▶ [Goal of the exercise] If a record contains a picture, leave the picture out and reproduce everything else exactly.

▶ [Data for this exercise]
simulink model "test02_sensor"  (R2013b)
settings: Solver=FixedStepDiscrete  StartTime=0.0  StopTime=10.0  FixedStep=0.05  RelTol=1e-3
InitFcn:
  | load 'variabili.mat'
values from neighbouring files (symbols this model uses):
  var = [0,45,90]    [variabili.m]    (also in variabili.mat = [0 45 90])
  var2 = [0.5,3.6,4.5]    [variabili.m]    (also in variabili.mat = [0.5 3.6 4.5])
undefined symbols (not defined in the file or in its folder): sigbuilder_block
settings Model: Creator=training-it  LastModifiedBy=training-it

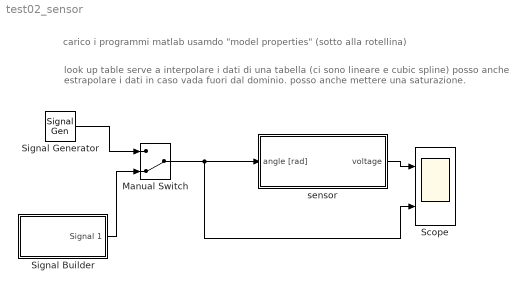
== system test02_sensor ==
  note: look up table serve a interpolare i dati di una tabella (ci sono lineare e cubic spline)
      | posso anche estrapolare i dati in caso vada fuori dal dominio. posso anche mettere una saturazione.
  note: carico i programmi matlab usamdo "model properties" (sotto alla rotellina)
  Manual Switch : ManualSwitch  CurrentSetting=0
  Scope : Scope  NumInputPorts=2
      settings: YMin=-5~-5  YMax=5~5
  Signal Generator : SignalGenerator  WaveForm=sawtooth  Amplitude=pi/2
  Signal Builder : Subsystem  Tag=STV Subsys  LoadFcn=sigbuilder_block('load');  StartFcn=sigbuilder_block('start');  StopFcn=sigbuilder_block('stop');  ClipboardFcn=sigbuilder_block('clipboard');  mask(Sigbuilder block){}
      mask help: Simulink:masks:SigbuilderBlock_MD
      mask init:
      | if ~strcmp(get_param(bdroot(gcbh),'SimulationStatus'),'stopped') tuvar = sigbuilder_block('maskInit'); end
      settings: CopyFcn=sigbuilder_block('copy');  DeleteFcn=sigbuilder_block('delete');  ModelCloseFcn=sigbuilder_block('modelClose');  PreSaveFcn=sigbuilder_block('preSave');  PauseFcn=sigbuilder_block('pause');  ContinueFcn=sigbuilder_block('continue');  NameChangeFcn=sigbuilder_block('namechange');  OpenFcn=sigbuilder_block('open',[437.25 199.5 550.5 399.75 ]);  CloseFcn=sigbuilder_block('close');
      mask Display: plot(0, 0, 100, 100,[2, 2, 32, 32, 2], [68, 8, 8, 68, 68],[32, 2], [38, 38], [32, 19, 2],[53, 60, 44], [32, 17, 17, 2],[16, 16, 31, 31]);txt = getActiveGroup(gcbh);text(2, 100, txt,'verticalAlignment', 'top');
  sensor : Subsystem
  wires:
  sensor/1(voltage) -> Scope/1
  Manual Switch/1 -> Scope/2, sensor/1(angle [rad])
  Signal Builder/1(Signal 1) -> Manual Switch/2
  Signal Generator/1 -> Manual Switch/1

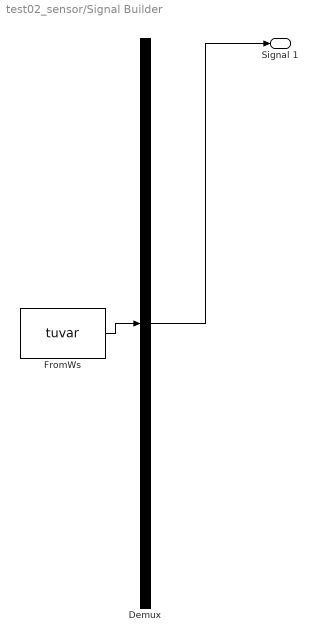
== system test02_sensor/Signal Builder ==
  Demux : Demux  Tag=STV Demux  Outputs=1
  FromWs : FromWorkspace  Tag=STV FromWs  VariableName=tuvar  SampleTime=0
      SigBuilderData=|
      | common.afterFinalStr = 'Extrapolate'
      | common.sampleTime = 0
      | dataSet(1).timeRange = [0 10]
      | dataSet(1).name = 'Accelerazione'
      | dataSet(2).timeRange = [0 10]
      | dataSet(2).name = 'Accelerazione2_HardStop'
      | sbobj.Groups(1).Name = 'Accelerazione'
      | sbobj.Groups(1).Signals.Name = 'Signal 1'
      | sbobj.Groups(1).Signals.XData = [0 1.98 2.98 4 4.7 6 6.94 10]
      | sbobj.Groups(1).Signals.YData = [0.02 0.006 0.4 0.41 1.57079632679 1.58 0.004 0]
      | sbobj.Groups(2).Name = 'Accelerazione2_HardStop'
      | sbobj.Groups(2).Signals.Name = 'Signal 1'
      | sbobj.Groups(2).Signals.XData = [0 1.98 2.98 4 4.7 6 6.94 10]
      | sbobj.Groups(2).Signals.YData = [1.49 1.49 -0.01 0 0.01 0.02 0.004 0]
  Signal 1 : Outport  Tag=STV Outport
  wires:
  Demux/1 -> Signal 1/1
  FromWs/1 -> Demux/1

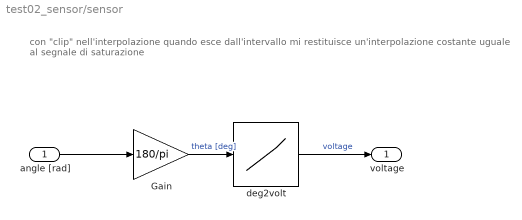
== system test02_sensor/sensor ==
  note: con "clip" nell'interpolazione quando esce dall'intervallo mi restituisce un'interpolazione costante uguale al segnale di saturazione
  angle [rad] : Inport
  Gain : Gain  Gain=180/pi
  deg2volt : Lookup_n-D  NumberOfTableDimensions=1  BreakpointsForDimension1=var  Table=var2  TableMin=[0.5]  TableMax=[4.5]  ExtrapMethod=Clip  InternalRulePriority=Speed  RndMeth=Simplest  InputSameDT=on
  voltage : Outport
  wires:
  angle [rad]/1 -> Gain/1
  Gain/1 -> deg2volt/1  "theta [deg]"
  deg2volt/1 -> voltage/1  "voltage"

▶ [Result of this task]
simulink model "test02_sensor"  (R2013b)
settings: Solver=FixedStepDiscrete  StartTime=0.0  StopTime=10.0  FixedStep=0.05  RelTol=1e-3
InitFcn:
  | load 'variabili.mat'
values from neighbouring files (symbols this model uses):
  var = [0,45,90]    [variabili.m]    (also in variabili.mat = [0 45 90])
  var2 = [0.5,3.6,4.5]    [variabili.m]    (also in variabili.mat = [0.5 3.6 4.5])
undefined symbols (not defined in the file or in its folder): sigbuilder_block
settings Model: Creator=training-it  LastModifiedBy=training-it

== system test02_sensor ==
  note: look up table serve a interpolare i dati di una tabella (ci sono lineare e cubic spline)
      | posso anche estrapolare i dati in caso vada fuori dal dominio. posso anche mettere una saturazione.
  note: carico i programmi matlab usamdo "model properties" (sotto alla rotellina)
  Manual Switch : ManualSwitch  CurrentSetting=0
  Scope : Scope  NumInputPorts=2
      settings: YMin=-5~-5  YMax=5~5
  Signal Generator : SignalGenerator  WaveForm=sawtooth  Amplitude=pi/2
  Signal Builder : Subsystem  Tag=STV Subsys  LoadFcn=sigbuilder_block('load');  StartFcn=sigbuilder_block('start');  StopFcn=sigbuilder_block('stop');  ClipboardFcn=sigbuilder_block('clipboard');  mask(Sigbuilder block){}
      mask help: Simulink:masks:SigbuilderBlock_MD
      mask init:
      | if ~strcmp(get_param(bdroot(gcbh),'SimulationStatus'),'stopped') tuvar = sigbuilder_block('maskInit'); end
      settings: CopyFcn=sigbuilder_block('copy');  DeleteFcn=sigbuilder_block('delete');  ModelCloseFcn=sigbuilder_block('modelClose');  PreSaveFcn=sigbuilder_block('preSave');  PauseFcn=sigbuilder_block('pause');  ContinueFcn=sigbuilder_block('continue');  NameChangeFcn=sigbuilder_block('namechange');  OpenFcn=sigbuilder_block('open',[437.25 199.5 550.5 399.75 ]);  CloseFcn=sigbuilder_block('close');
      mask Display: plot(0, 0, 100, 100,[2, 2, 32, 32, 2], [68, 8, 8, 68, 68],[32, 2], [38, 38], [32, 19, 2],[53, 60, 44], [32, 17, 17, 2],[16, 16, 31, 31]);txt = getActiveGroup(gcbh);text(2, 100, txt,'verticalAlignment', 'top');
  sensor : Subsystem
  wires:
  sensor/1(voltage) -> Scope/1
  Manual Switch/1 -> Scope/2, sensor/1(angle [rad])
  Signal Builder/1(Signal 1) -> Manual Switch/2
  Signal Generator/1 -> Manual Switch/1

== system test02_sensor/Signal Builder ==
  Demux : Demux  Tag=STV Demux  Outputs=1
  FromWs : FromWorkspace  Tag=STV FromWs  VariableName=tuvar  SampleTime=0
      SigBuilderData=|
      | common.afterFinalStr = 'Extrapolate'
      | common.sampleTime = 0
      | dataSet(1).timeRange = [0 10]
      | dataSet(1).name = 'Accelerazione'
      | dataSet(2).timeRange = [0 10]
      | dataSet(2).name = 'Accelerazione2_HardStop'
      | sbobj.Groups(1).Name = 'Accelerazione'
      | sbobj.Groups(1).Signals.Name = 'Signal 1'
      | sbobj.Groups(1).Signals.XData = [0 1.98 2.98 4 4.7 6 6.94 10]
      | sbobj.Groups(1).Signals.YData = [0.02 0.006 0.4 0.41 1.57079632679 1.58 0.004 0]
      | sbobj.Groups(2).Name = 'Accelerazione2_HardStop'
      | sbobj.Groups(2).Signals.Name = 'Signal 1'
      | sbobj.Groups(2).Signals.XData = [0 1.98 2.98 4 4.7 6 6.94 10]
      | sbobj.Groups(2).Signals.YData = [1.49 1.49 -0.01 0 0.01 0.02 0.004 0]
  Signal 1 : Outport  Tag=STV Outport
  wires:
  Demux/1 -> Signal 1/1
  FromWs/1 -> Demux/1

== system test02_sensor/sensor ==
  note: con "clip" nell'interpolazione quando esce dall'intervallo mi restituisce un'interpolazione costante uguale al segnale di saturazione
  angle [rad] : Inport
  Gain : Gain  Gain=180/pi
  deg2volt : Lookup_n-D  NumberOfTableDimensions=1  BreakpointsForDimension1=var  Table=var2  TableMin=[0.5]  TableMax=[4.5]  ExtrapMethod=Clip  InternalRulePriority=Speed  RndMeth=Simplest  InputSameDT=on
  voltage : Outport
  wires:
  angle [rad]/1 -> Gain/1
  Gain/1 -> deg2volt/1  "theta [deg]"
  deg2volt/1 -> voltage/1  "voltage"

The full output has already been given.